Friday, November 21, 2008
Post-Finals Quarter One
Today marked the passage of quarter one. With complete exhaustion and utter humility I can say, I did well - despite it all. At 4:00AM this morning I was still begging my brain to remember countless dirty mnemonics to remember what all each of the 20 amino acids does/becomes. I was trying to remember every step and enzyme and enzymatic subunit of DNA replication, transcription, and translation. I was trying to remember what happens from the moment you eat your dinner to the moment what's left comes out. It seemed like billions of enzymes all starting with either gluco- or phospho- and ending in -ase. And the pathways! The pathways and their enzymes and things that can go wrong and what happens when things do go wrong, and what to do about it. . .and on and on and on. 500 pages of this!

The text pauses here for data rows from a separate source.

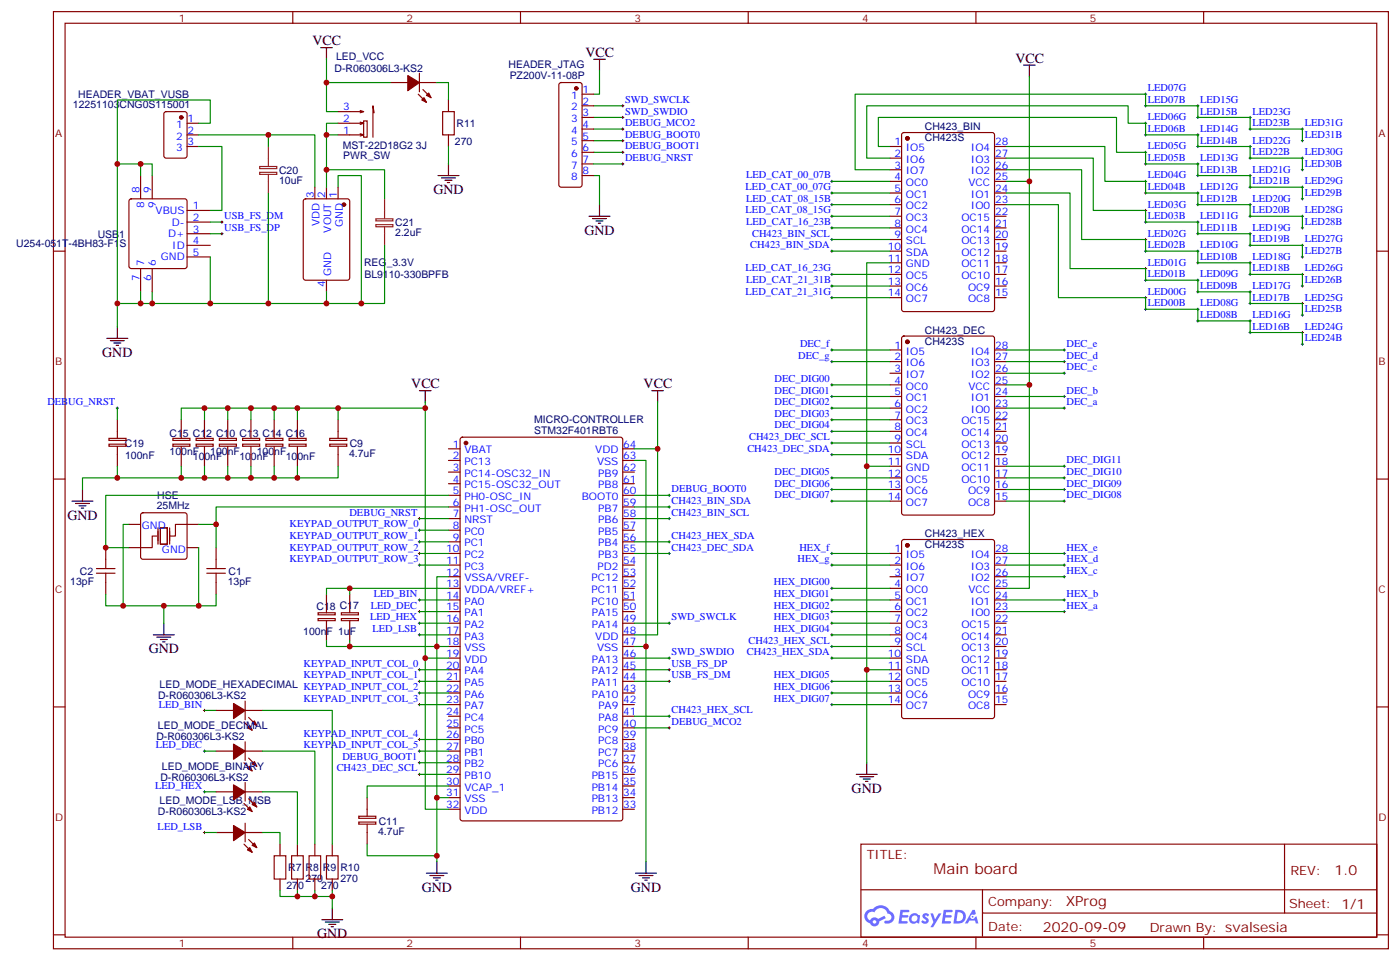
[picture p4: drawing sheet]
<svg xmlns="http://www.w3.org/2000/svg" width="425mm" height="292mm" viewBox="0 0 425 292" stroke-linecap="round" stroke-linejoin="round" font-family="sans-serif">
<g fill="none" stroke="#870000" stroke-width=".35">
<path d="M16.2 3.5h405.4v284.4h-405.4zM19.8 7.1h398.2v277.2h-398.2zM88.9 3.5v3.6M158 3.5v3.6M227.2 3.5v3.6M296.3 3.5v3.6M365.5 3.5v3.6M16.2 76.2h3.6M418 76.2h3.6M16.2 145.3h3.6M418 145.3h3.6M16.2 214.5h3.6"/>
<path d="M418 214.5h3.6M261.4 256.1h156.6v28.2h-156.6zM390 256.1v20.9M261.4 270h156.5M298.3 277h119.6M298.3 270v14.1M16.2 283.6h3.6M88.9 284.3v3.6M158 284.3v3.6M227.2 284.3v3.6M296.3 284.3v3.6M365.5 284.3v3.6"/>
<path d="M418 283.6h3.6"/>
</g>
<g fill="#5487ff">
<path d="M280.4 277.3a1.22 1.22 0 0 1 1.7 .3l-.4 .5a.47 .47 0 0 0-.3-.4 .47 .47 0 0 0-.5 .2l.1 .3a1.14 1.14 0 0 1 .8 1.7 1.14 1.14 0 0 1-1.9 0l-.2-.2 .5-.5 .7 .4a.29 .29 0 0 0 .3-.3 .29 .29 0 0 0-.2-.3 1.04 1.04 0 0 1-.6-1.7z"/>
<path d="M273.4 276h2.4l.3 .2-.2 .5-1.8 .1-.1 .8h1.5l.3 .4-.3 .4h-1.6l-.2 1.1h1.7l.2 .3-.2 .3-2.6 .1z"/>
<path d="M286.5 276h2.4l.3 .2-.1 .5-1.8 .1-.2 .8h1.6l.3 .4-.4 .4h-1.6l-.1 1.1h1.7l.2 .3-.2 .3-2.6 .1z"/>
<path d="M295.3 276.1h.7l.3 1.2-.6 .3a.69 .69 0 0 0-1 .3 .69 .69 0 0 0 .4 1 .69 .69 0 0 0 .9-.7l.5-.2 .6 2.2h-.8l-.2-.9h-1.8l-.5 .9h-.8z"/>
<path d="M282.5 277.1h.8l.6 1.8 1.1-1.8h.9l-2.6 4.2h-.8l.9-1.5z"/>
<path d="M290.1 276.1l-.6 4.1h1.3a2.11 2.11 0 0 0 2.5-2.1 2.11 2.11 0 0 0-2.5-2zM290.8 276.8a1.43 1.43 0 0 1 1.6 1.6 1.43 1.43 0 0 1-2 1.1z"/>
<path d="M276.4 277.7a1.54 1.54 0 0 0-.1 2.1 1.54 1.54 0 0 0 2.2 .2l.6 .2 .3-2.3-.2-.2-.4-.1a1.49 1.49 0 0 0-2.4 .1zM276.7 278.7a.94 .94 0 0 1 1.8 0 .94 .94 0 0 1-1.8 0z"/>
<path d="M263.1 276.4a2.18 2.18 0 0 0 1.1 3.7 1.44 1.44 0 0 0 1.6 1 1.44 1.44 0 0 0 1.2-1.5l2-1-.5-.8-1.9 1a1.47 1.47 0 0 0-2.4 .4 1.39 1.39 0 0 1-.7-1.9 1.39 1.39 0 0 1 2-.5 2.12 2.12 0 0 1 2.2-1.3 2.12 2.12 0 0 1 1.9 1.7 1.14 1.14 0 0 1 1.1 1.4 1.14 1.14 0 0 1-1.7 .8 .43 .43 0 0 0-.5 .3 .43 .43 0 0 0 .4 .5 1.98 1.98 0 0 0 2.5-1.2 1.98 1.98 0 0 0-1.2-2.5 3.1 3.1 0 0 0-5.3-.7l-.9 .1zM265 279.7a.55 .55 0 0 1 1.1 0 .55 .55 0 0 1-1.1 0z"/>
<circle cx="295.3" cy="278.1" r=".26"/>
</g>
<g fill="none" stroke="#870000" stroke-width=".35">
<path d="M50 34.1l.4-.2h5.7l.6 .4 .1 13-.5 .6-5.9 .1-.6-.5-.1-12.9zM56.8 37.4h3.5M109.4 37l1 .4h-7.7M109.4 33.5l1 .4h-7.7M110.4 36.7h1.1v4.9h-1.1zM110.4 37.4l-1 .3M110.4 33.9l-1 .3M113.6 34.2l-.4-2.1v9.5M118.5 25h5.3M127 28.6l2.5 2.4M127.4 25h5.2M127.4 22.2v5.7"/>
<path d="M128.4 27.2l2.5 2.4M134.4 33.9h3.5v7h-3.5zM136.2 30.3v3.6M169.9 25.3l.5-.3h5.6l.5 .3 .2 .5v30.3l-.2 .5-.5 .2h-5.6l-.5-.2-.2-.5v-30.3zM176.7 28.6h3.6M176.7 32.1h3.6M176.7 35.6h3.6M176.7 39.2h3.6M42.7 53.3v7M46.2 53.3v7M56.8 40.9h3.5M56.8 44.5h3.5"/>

If you are a pre-med student, do not tear-up your application. It's hard as Hell to get in. It's hard as Hell to succeed. However, it's great to be here. My friends and I discussed how it's similar to being in an abusive relationship - "It was my fault; I'll try harder next time." "If medical school didn't love me and want me to succeed, it wouldn't push me so hard." All right, that's a terrible analogy, but there's some truth to it. It's horrible, and yet, it's awesome. I bet you didn't know tonsils are also on your tongue and your palate. See - pretty damn cool.
It's worth it, even when I feel like I can't possibly take another day of this or another bad grade it all evens out, and by tomorrow, I will have had more than 3 hours of sleep, and that's truly wonderful.
What an honor - to learn so much about the secrets in every crevice and cell. It certainly isn't easy, but I'm glad I'm here.
Friday, November 14, 2008
Finals - Quarter One
I can now understand, with a great degree of clarity, why medical students become hardened and uncaring. Unless you've been there, or are here, you can't possibly understand the enormity of the task and the feeling of utter hopelessness. It's just school, how can it be that bad? It is.
I'm not sure if it's the countless numbers of mind-numbing, "I'll never use this again," details, or the lack of time for anything else, or the bi-polar grades. Probably it is the combination of it all. The material is interesting; I wouldn't be here is I didn't think it was. The frustration of never being well-prepared is extremely taxing. There is not enough time. There is never enough time.
So what do we do? I think probably learn new coping skills. Take time when there isn't any. Understand that mediocrity doesn't equal bad doctor. In fact, some of the smartest people in my class are going to be awful doctors. It's too bad, really, that in the US we base success on the ability to memorize.
I can't see a better way to do it. You don't want a manual-dexterity genius taking out your gallbladder if they don't know exactly where it is and how to stop bleeding. You don't want a pediatrician for your baby with a cleft palate that doesn't understand where neural crest cells go. However, for those of us who struggle with memorization, we are suffering, and we will probably not have the option of a competitive residency. You're loss.
For now, I will be happy that I'm doing well-enough. I will play my cello and go on dates with my husband. I will play with my critters, and I will try to enjoy medical school without becoming a business-woman. "Next, please. . ." I will do my best to look you in the eye and give a damn.